For this to be useful, we have designed `AxisArray` to be convenient and flexible. It is important that it can be used for the many different use cases we have encountered. At its core it stores a numpy N-dimensional array, an array of axis labels, as well as multiple metadata attributes.
|ezmsg_logo_small| Description
*********************************
An ``AxisArray`` is a multi-dimensional array with named axes. Each axis can have a name and a set of labels for its elements. This allows for more intuitive indexing and manipulation of the data.
An `AxisArray` has the following attributes:
- ``data``: a numpy ndarray containing the actual data.
- ``dims``: a list of axis names.
- ``axes``: a dictionary mapping axis names to their label information.
- ``attrs``: a dictionary for storing additional metadata.
- ``key``: a unique identifier for the array.
Unsurprisingly, all of this must be self-consistent: the number of axis names in ``dims`` must match the number of dimensions in ``data``, and the axis names in ``axes`` should match the ones in ``dims``. The label information in ``axes`` refers to the 'value' of each axis index, e.g., for a time axis, the labels might be timestamps. We provide three commonly used axes type objects:
- A ``LinearAxis``: represents a linear axis with evenly spaced values - you just need the ``offset`` (start value) and the ``gain`` (step size). An example of this would be simple numerical index (offset=0, gain=1) or regularly spaced time samples (offset=start time, gain=1/sampling rate).

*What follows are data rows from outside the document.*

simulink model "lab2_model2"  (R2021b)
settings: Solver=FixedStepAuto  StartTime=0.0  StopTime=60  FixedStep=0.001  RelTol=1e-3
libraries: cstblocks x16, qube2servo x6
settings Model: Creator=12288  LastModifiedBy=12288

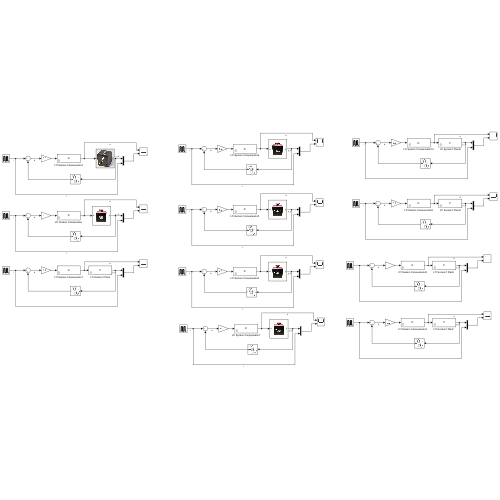
[thumbnail: Simulink's stored preview of the top-level diagram]
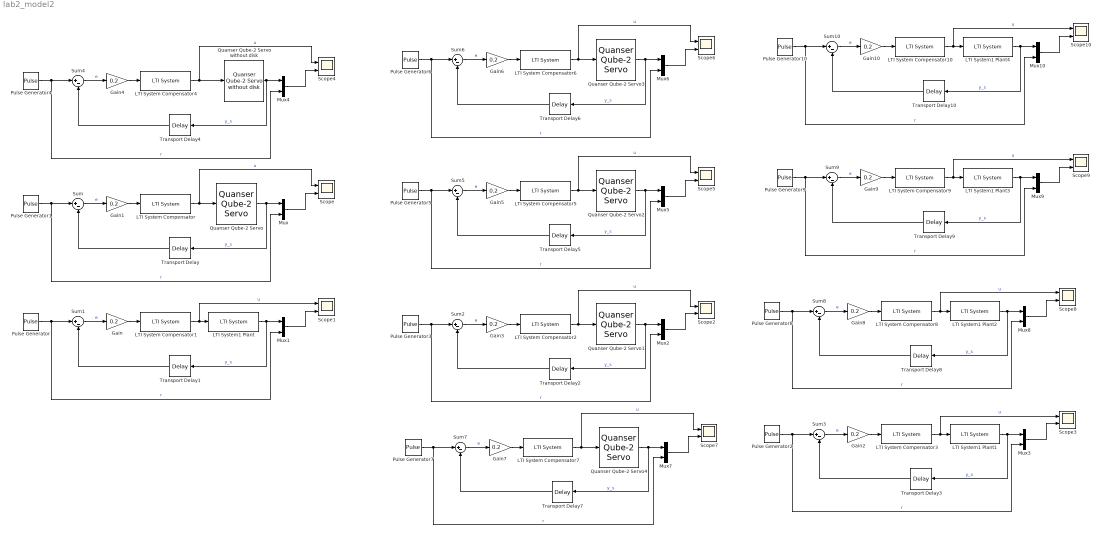
== system lab2_model2 ==
  Gain{,1..10} (11 alike) : Gain  Gain=0.2
  LTI System Compensator{,1..10} (11 alike) : cstblocks/LTI System  sys=D  IC=[]
  LTI System1 Plant{,1..4} (5 alike) : cstblocks/LTI System  sys=P  IC=[]
  Mux{,1..10} (11 alike) : Mux  Inputs=2
  Pulse Generator{,1..10} (11 alike) : DiscretePulseGenerator  PulseType=Time based  Period=10  PulseWidth=50
  Quanser Qube-2 Servo{,1..4} (5 alike) : qube2servo/Quanser Qube-2 Servo  SystemSampleTime=-1  VariantActivationTime=update diagram  Latency=0  AutoFrameSizeCalculation=off
  Quanser Qube-2 Servo without disk : qube2servo/Quanser Qube-2 Servo without disk  SystemSampleTime=-1  VariantActivationTime=update diagram  Latency=0  AutoFrameSizeCalculation=off
  Scope{,1..10} (11 alike) : Scope  NumInputPorts=2
  Sum{,1..10} (11 alike) : Sum  Inputs=|+-
  Transport Delay{,1,3..4,7} (5 alike) : TransportDelay  DelayTime=0
  Transport Delay10 : TransportDelay  DelayTime=0.45
  Transport Delay2 : TransportDelay  DelayTime=0.15
  Transport Delay5 : TransportDelay  DelayTime=0.3
  Transport Delay6 : TransportDelay  DelayTime=0.45
  Transport Delay8 : TransportDelay  DelayTime=0.15
  Transport Delay9 : TransportDelay  DelayTime=0.3
  wires:
  LTI System Compensator/1 -> Quanser Qube-2 Servo/1, Scope/1  "u"
  Quanser Qube-2 Servo/1 -> Mux/1, Transport Delay/1  "y_s"
  Pulse Generator1/1 -> Mux/2, Sum/1  "r"
  Sum/1 -> Gain1/1  "e"
  Transport Delay/1 -> Sum/2
  Gain1/1 -> LTI System Compensator/1
  Mux/1 -> Scope/2
  Sum1/1 -> Gain/1  "e"
  Transport Delay1/1 -> Sum1/2
  Mux1/1 -> Scope1/2
  LTI System1 Plant/1 -> Transport Delay1/1, Mux1/1  "y_s"
  Gain/1 -> LTI System Compensator1/1
  Pulse Generator/1 -> Mux1/2, Sum1/1  "r"
  LTI System Compensator1/1 -> Scope1/1, LTI System1 Plant/1  "u"
  Gain3/1 -> LTI System Compensator2/1
  Mux2/1 -> Scope2/2
  Pulse Generator3/1 -> Mux2/2, Sum2/1  "r"
  LTI System Compensator2/1 -> Quanser Qube-2 Servo1/1, Scope2/1  "u"
  Transport Delay2/1 -> Sum2/2
  Sum2/1 -> Gain3/1  "e"
  Quanser Qube-2 Servo1/1 -> Transport Delay2/1, Mux2/1  "y_s"
  Sum4/1 -> Gain4/1  "e"
  Transport Delay4/1 -> Sum4/2
  Gain4/1 -> LTI System Compensator4/1
  Mux4/1 -> Scope4/2
  Pulse Generator4/1 -> Mux4/2, Sum4/1  "r"
  Quanser Qube-2 Servo without disk/1 -> Transport Delay4/1, Mux4/1  "y_s"
  LTI System Compensator4/1 -> Quanser Qube-2 Servo without disk/1, Scope4/1  "u"
  Pulse Generator5/1 -> Mux5/2, Sum5/1  "r"
  Sum5/1 -> Gain5/1  "e"
  Quanser Qube-2 Servo2/1 -> Transport Delay5/1, Mux5/1  "y_s"
  Transport Delay5/1 -> Sum5/2
  LTI System Compensator5/1 -> Quanser Qube-2 Servo2/1, Scope5/1  "u"
  Mux5/1 -> Scope5/2
  Gain5/1 -> LTI System Compensator5/1
  Pulse Generator6/1 -> Mux6/2, Sum6/1  "r"
  Sum6/1 -> Gain6/1  "e"
  Quanser Qube-2 Servo3/1 -> Transport Delay6/1, Mux6/1  "y_s"
  Transport Delay6/1 -> Sum6/2
  LTI System Compensator6/1 -> Quanser Qube-2 Servo3/1, Scope6/1  "u"
  Mux6/1 -> Scope6/2
  Gain6/1 -> LTI System Compensator6/1
  Quanser Qube-2 Servo4/1 -> Transport Delay7/1, Mux7/1  "y_s"
  Sum7/1 -> Gain7/1  "e"
  Transport Delay7/1 -> Sum7/2
  LTI System Compensator7/1 -> Quanser Qube-2 Servo4/1, Scope7/1  "u"
  Gain7/1 -> LTI System Compensator7/1
  Pulse Generator7/1 -> Mux7/2, Sum7/1  "r"
  Mux7/1 -> Scope7/2
  Mux3/1 -> Scope3/2
  Gain2/1 -> LTI System Compensator3/1
  Transport Delay3/1 -> Sum3/2
  Pulse Generator2/1 -> Mux3/2, Sum3/1  "r"
  LTI System Compensator3/1 -> Scope3/1, LTI System1 Plant1/1  "u"
  LTI System1 Plant1/1 -> Transport Delay3/1, Mux3/1  "y_s"
  Sum3/1 -> Gain2/1  "e"
  Mux8/1 -> Scope8/2
  Gain8/1 -> LTI System Compensator8/1
  Transport Delay8/1 -> Sum8/2
  Pulse Generator8/1 -> Mux8/2, Sum8/1  "r"
  LTI System Compensator8/1 -> Scope8/1, LTI System1 Plant2/1  "u"
  LTI System1 Plant2/1 -> Transport Delay8/1, Mux8/1  "y_s"
  Sum8/1 -> Gain8/1  "e"
  Mux9/1 -> Scope9/2
  Gain9/1 -> LTI System Compensator9/1
  Transport Delay9/1 -> Sum9/2
  Pulse Generator9/1 -> Mux9/2, Sum9/1  "r"
  LTI System Compensator9/1 -> Scope9/1, LTI System1 Plant3/1  "u"
  LTI System1 Plant3/1 -> Transport Delay9/1, Mux9/1  "y_s"
  Sum9/1 -> Gain9/1  "e"
  Mux10/1 -> Scope10/2
  Gain10/1 -> LTI System Compensator10/1
  Transport Delay10/1 -> Sum10/2
  Pulse Generator10/1 -> Mux10/2, Sum10/1  "r"
  LTI System Compensator10/1 -> Scope10/1, LTI System1 Plant4/1  "u"
  LTI System1 Plant4/1 -> Transport Delay10/1, Mux10/1  "y_s"
  Sum10/1 -> Gain10/1  "e"
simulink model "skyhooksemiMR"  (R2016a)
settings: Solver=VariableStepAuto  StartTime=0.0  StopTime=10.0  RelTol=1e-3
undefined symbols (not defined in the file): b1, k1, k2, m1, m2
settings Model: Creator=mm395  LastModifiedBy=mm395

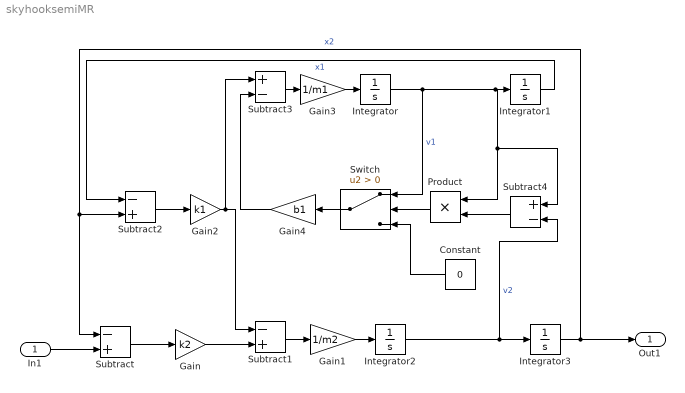
== system skyhooksemiMR ==
  In1 : Inport
  Constant : Constant  Value=0
  Gain : Gain  Gain=k2
  Gain1 : Gain  Gain=1/m2
  Gain2 : Gain  Gain=k1
  Gain3 : Gain  Gain=1/m1
  Gain4 : Gain  Gain=b1
  Integrator{,1..3} (4 alike) : Integrator
  Product : Product
  Subtract : Sum  Inputs=-+
  Subtract1 : Sum  Inputs=-+
  Subtract2 : Sum  Inputs=-+
  Subtract3 : Sum  Inputs=+-
  Subtract4 : Sum  Inputs=+-
  Switch : Switch  Criteria=u2 > Threshold
  Out1 : Outport
  wires:
  In1/1 -> Subtract/2
  Subtract/1 -> Gain/1
  Gain/1 -> Subtract1/2
  Subtract1/1 -> Gain1/1
  Integrator3/1 -> Out1/1, Subtract/1, Subtract2/2  "x2"
  Subtract2/1 -> Gain2/1
  Gain2/1 -> Subtract3/1, Subtract1/1
  Subtract3/1 -> Gain3/1
  Gain3/1 -> Integrator/1
  Integrator/1 -> Switch/1, Product/1, Subtract4/1, Integrator1/1  "v1"
  Integrator2/1 -> Subtract4/2, Integrator3/1  "v2"
  Gain1/1 -> Integrator2/1
  Integrator1/1 -> Subtract2/1  "x1"
  Subtract4/1 -> Product/2
  Product/1 -> Switch/2
  Switch/1 -> Gain4/1
  Gain4/1 -> Subtract3/2
  Constant/1 -> Switch/3
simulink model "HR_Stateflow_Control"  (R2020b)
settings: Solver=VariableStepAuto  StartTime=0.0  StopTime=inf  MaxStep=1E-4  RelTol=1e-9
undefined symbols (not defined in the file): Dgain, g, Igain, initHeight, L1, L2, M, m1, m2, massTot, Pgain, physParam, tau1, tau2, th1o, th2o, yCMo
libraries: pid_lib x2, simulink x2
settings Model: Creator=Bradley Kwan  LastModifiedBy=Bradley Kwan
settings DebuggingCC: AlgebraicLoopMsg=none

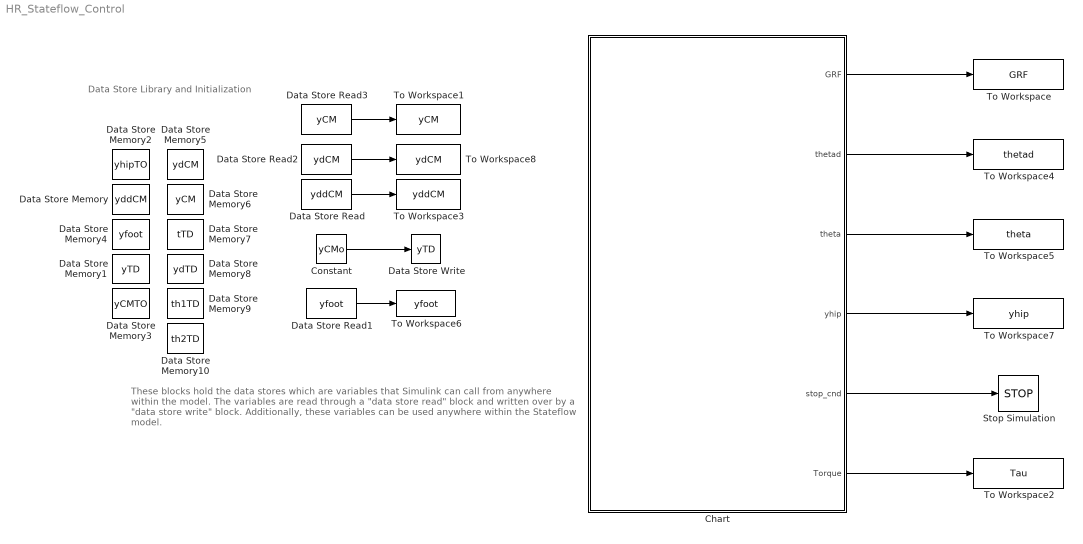
== system HR_Stateflow_Control ==
  note: These blocks hold the data stores which are variables that Simulink can call from anywhere within the model. The variables are read through a "data store read" block and written over by a "data store write" block. Additionally, these variables can be used anywhere within the Stateflow model.
  note: Data Store Library and Initialization
  Chart : Stateflow chart  TreatAsAtomicUnit=on
  Constant : Constant  Value=yCMo
  Data Store Memory : DataStoreMemory  DataStoreName=yddCM  ShowAdditionalParam=off  OutDataTypeStr=double
      settings: LockScale=on
  Data Store Memory1 : DataStoreMemory  DataStoreName=yTD  ShowAdditionalParam=off  OutDataTypeStr=double
      settings: LockScale=on
  Data Store Memory10 : DataStoreMemory  DataStoreName=th2TD  ShowAdditionalParam=off  OutDataTypeStr=double
      settings: LockScale=on
  Data Store Memory2 : DataStoreMemory  DataStoreName=yhipTO  ShowAdditionalParam=off  OutDataTypeStr=double
      settings: LockScale=on
  Data Store Memory3 : DataStoreMemory  DataStoreName=yCMTO  ShowAdditionalParam=off  OutDataTypeStr=double
      settings: LockScale=on
  Data Store Memory4 : DataStoreMemory  DataStoreName=yfoot  ShowAdditionalParam=off  OutDataTypeStr=double
      settings: LockScale=on
  Data Store Memory5 : DataStoreMemory  DataStoreName=ydCM  ShowAdditionalParam=off  OutDataTypeStr=double
      settings: LockScale=on
  Data Store Memory6 : DataStoreMemory  DataStoreName=yCM  ShowAdditionalParam=off  OutDataTypeStr=double
      settings: LockScale=on
  Data Store Memory7 : DataStoreMemory  DataStoreName=tTD  ShowAdditionalParam=off  OutDataTypeStr=double
      settings: LockScale=on
  Data Store Memory8 : DataStoreMemory  DataStoreName=ydTD  ShowAdditionalParam=off  OutDataTypeStr=double
      settings: LockScale=on
  Data Store Memory9 : DataStoreMemory  DataStoreName=th1TD  ShowAdditionalParam=off  OutDataTypeStr=double
      settings: LockScale=on
  Data Store Read : DataStoreRead  DataStoreName=yddCM
  Data Store Read1 : DataStoreRead  DataStoreName=yfoot
  Data Store Read2 : DataStoreRead  DataStoreName=ydCM
  Data Store Read3 : DataStoreRead  DataStoreName=yCM
  Data Store Write : DataStoreWrite  DataStoreName=yTD
  Stop Simulation : Stop
  To Workspace : ToWorkspace  VariableName=GRF  SampleTime=-1
  To Workspace1 : ToWorkspace  VariableName=yCM  SampleTime=-1
  To Workspace2 : ToWorkspace  VariableName=Tau  SampleTime=-1
  To Workspace3 : ToWorkspace  VariableName=yddCM  SampleTime=-1
  To Workspace4 : ToWorkspace  VariableName=thetad  SampleTime=-1
  To Workspace5 : ToWorkspace  VariableName=theta  SampleTime=-1
  To Workspace6 : ToWorkspace  VariableName=yfoot  SampleTime=-1
  To Workspace7 : ToWorkspace  VariableName=yhip  SampleTime=-1
  To Workspace8 : ToWorkspace  VariableName=ydCM  SampleTime=-1
  wires:
  Chart/1(GRF) -> To Workspace/1
  Chart/5(stop_cnd) -> Stop Simulation/1
  Data Store Read/1 -> To Workspace3/1
  Chart/2(thetad) -> To Workspace4/1
  Chart/3(theta) -> To Workspace5/1
  Constant/1 -> Data Store Write/1
  Chart/4(yhip) -> To Workspace7/1
  Data Store Read1/1 -> To Workspace6/1
  Data Store Read2/1 -> To Workspace8/1
  Data Store Read3/1 -> To Workspace1/1
  Chart/6(Torque) -> To Workspace2/1

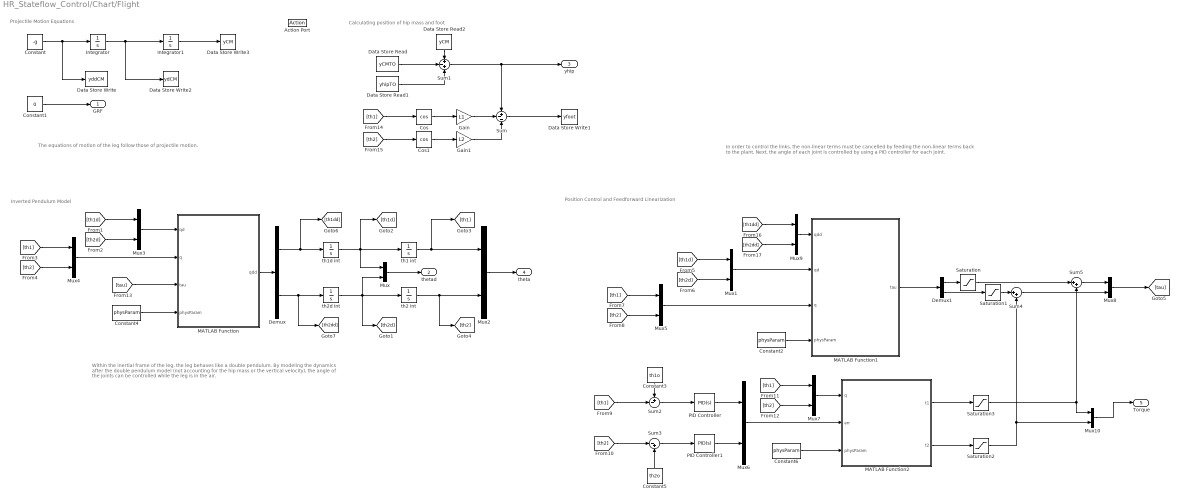
== system HR_Stateflow_Control/Chart/Flight ==
  note: The equations of motion of the leg follow those of projectile motion.
  note: In order to control the links, the non-linear terms must be cancelled by feeding the non-linear terms back to the plant. Next, the angle of each joint is controlled by using a PID controller for each joint.
  note: Within the inertial frame of the leg, the leg behaves like a double pendulum. By modeling the dynamics after the double pendulum model (not accounting for the hip mass or the vertical velocity), the angle of the joints can be controlled while the leg is in the air.
  note: Position Control and Feedforward Linearization
  note: Inverted Pendulum Model
  note: Calculating position of hip mass and foot
  note: Projectile Motion Equations
  Action Port : ActionPort
      settings: CopyFcn=Stateflow.SLINSF.SimulinkMan.removeBlockPreDeleteFcn  PreDeleteFcn=Stateflow.SLINSF.SimulinkMan.unsafePredeleteFcn
  Constant : Constant  Value=-g
  Constant1 : Constant  Value=0
  Constant2 : Constant  Value=physParam
  Constant3 : Constant  Value=th1o
  Constant4 : Constant  Value=physParam
  Constant5 : Constant  Value=th2o
  Constant6 : Constant  Value=physParam
  Cos : Trigonometry  Operator=cos
  Cos1 : Trigonometry  Operator=cos
  Data Store Read : DataStoreRead  DataStoreName=yCMTO
  Data Store Read1 : DataStoreRead  DataStoreName=yhipTO
  Data Store Read2 : DataStoreRead  DataStoreName=yCM
  Data Store Write : DataStoreWrite  DataStoreName=yddCM
  Data Store Write1 : DataStoreWrite  DataStoreName=yfoot
  Data Store Write2 : DataStoreWrite  DataStoreName=ydCM
  Data Store Write3 : DataStoreWrite  DataStoreName=yCM
  Demux : Demux  Outputs=2
  Demux1 : Demux  Outputs=2
  Gain : Gain  Gain=L1
  Gain1 : Gain  Gain=L2
  Integrator : Integrator  ContinuousStateAttributes='ydCM'
  Integrator1 : Integrator  InitialCondition=initHeight  ContinuousStateAttributes='yCM'
  MATLAB Function : MATLAB Function  TreatAsAtomicUnit=on
  MATLAB Function1 : MATLAB Function  TreatAsAtomicUnit=on
  MATLAB Function2 : MATLAB Function  TreatAsAtomicUnit=on
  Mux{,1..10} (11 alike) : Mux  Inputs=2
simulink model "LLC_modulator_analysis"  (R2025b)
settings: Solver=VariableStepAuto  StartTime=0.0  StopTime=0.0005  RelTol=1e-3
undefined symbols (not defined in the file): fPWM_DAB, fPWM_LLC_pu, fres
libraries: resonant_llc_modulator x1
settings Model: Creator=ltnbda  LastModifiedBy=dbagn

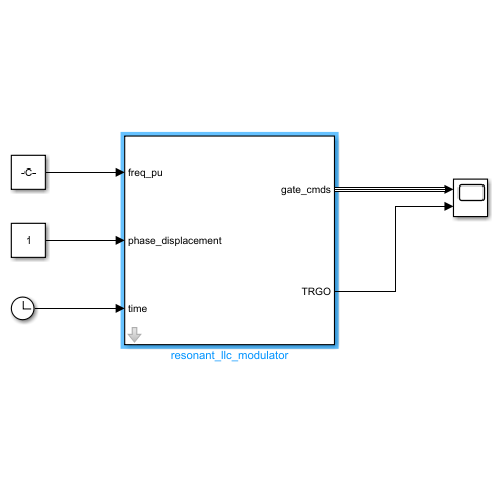
[thumbnail: Simulink's stored preview of the top-level diagram]
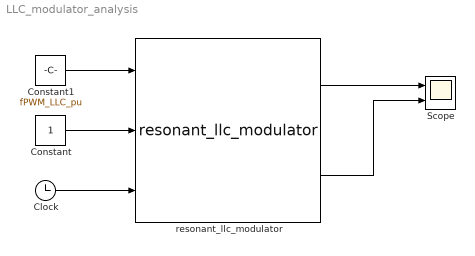
== system LLC_modulator_analysis ==
  Clock : Clock
  Constant : Constant
  Constant1 : Constant  Value=fPWM_LLC_pu
  Scope : Scope  NumInputPorts=2
      settings: ActiveDisplayYMinimum=-13.125  ActiveDisplayYMaximum=18.125
  resonant_llc_modulator : resonant_llc_modulator/resonant_llc_modulator  freq_base=fPWM_DAB  fres=fres*1.5  pos_cmd_gate=15  neg_cmd_gate=-10  tc=500e-9  trgo_double_update=0  max_phase_displacement=pi/2  freq_min=fPWM_DAB/5  freq_max=fPWM_DAB*0.625
  wires:
  Clock/1 -> resonant_llc_modulator/3
  Constant/1 -> resonant_llc_modulator/2
  Constant1/1 -> resonant_llc_modulator/1
  resonant_llc_modulator/1 -> Scope/1
  resonant_llc_modulator/2 -> Scope/2

- A ``TimeAxis``: this is a `LinearAxis` that represents a time axis. Its ``unit`` attribute is by default set to seconds (s).
- A ``CoordinateAxis``: this is our continuous/dense axis, which can represent any continuous variable, such as frequency or spatial coordinates. You provide the actual values for each index in a ``data`` array of values.
The `AxisArray` class provides several methods for manipulating and accessing the data, designed to allow standard numpy array manipulation without losing track of how the axes are affected. For a list of such methods, see :ref:`axisarray_methods`.
|ezmsg_logo_small| Recommended Use
**********************************************
When to use AxisArray
=======================
If any of the following are true, then `AxisArray` is an appropriate messaging format:
- When the underlying data is in array form
- When it is prudent to keep information about the data array axes (eg. labels, units, spacing)
- When you want to store the data with additional metadata (eg. data origin device name, study name, date, attempt number, etc.)
- If you plan to use the signal processing extension package `ezmsg-sigproc`.
Anything that is inherently multi-dimensional and needs to be processed in a multi-dimensional context, ``AxisArray`` is the preferred message format in ezmsg. We have designed the ezmsg signal processing extension package `ezmsg-sigproc` with `AxisArray` in mind.
We do not recommend using `AxisArray` for very simple data types like integers, floats, or strings. `AxisArray` has the flexibility to store this kind of data: this can be done by sending the data as a zero-dimensional array, or by sending an empty data field and storing the simple data in the ``attrs`` field. However, for the sake of both memory and time efficiency, we would recommend simply using the basic types (int, float, str) as the message type instead.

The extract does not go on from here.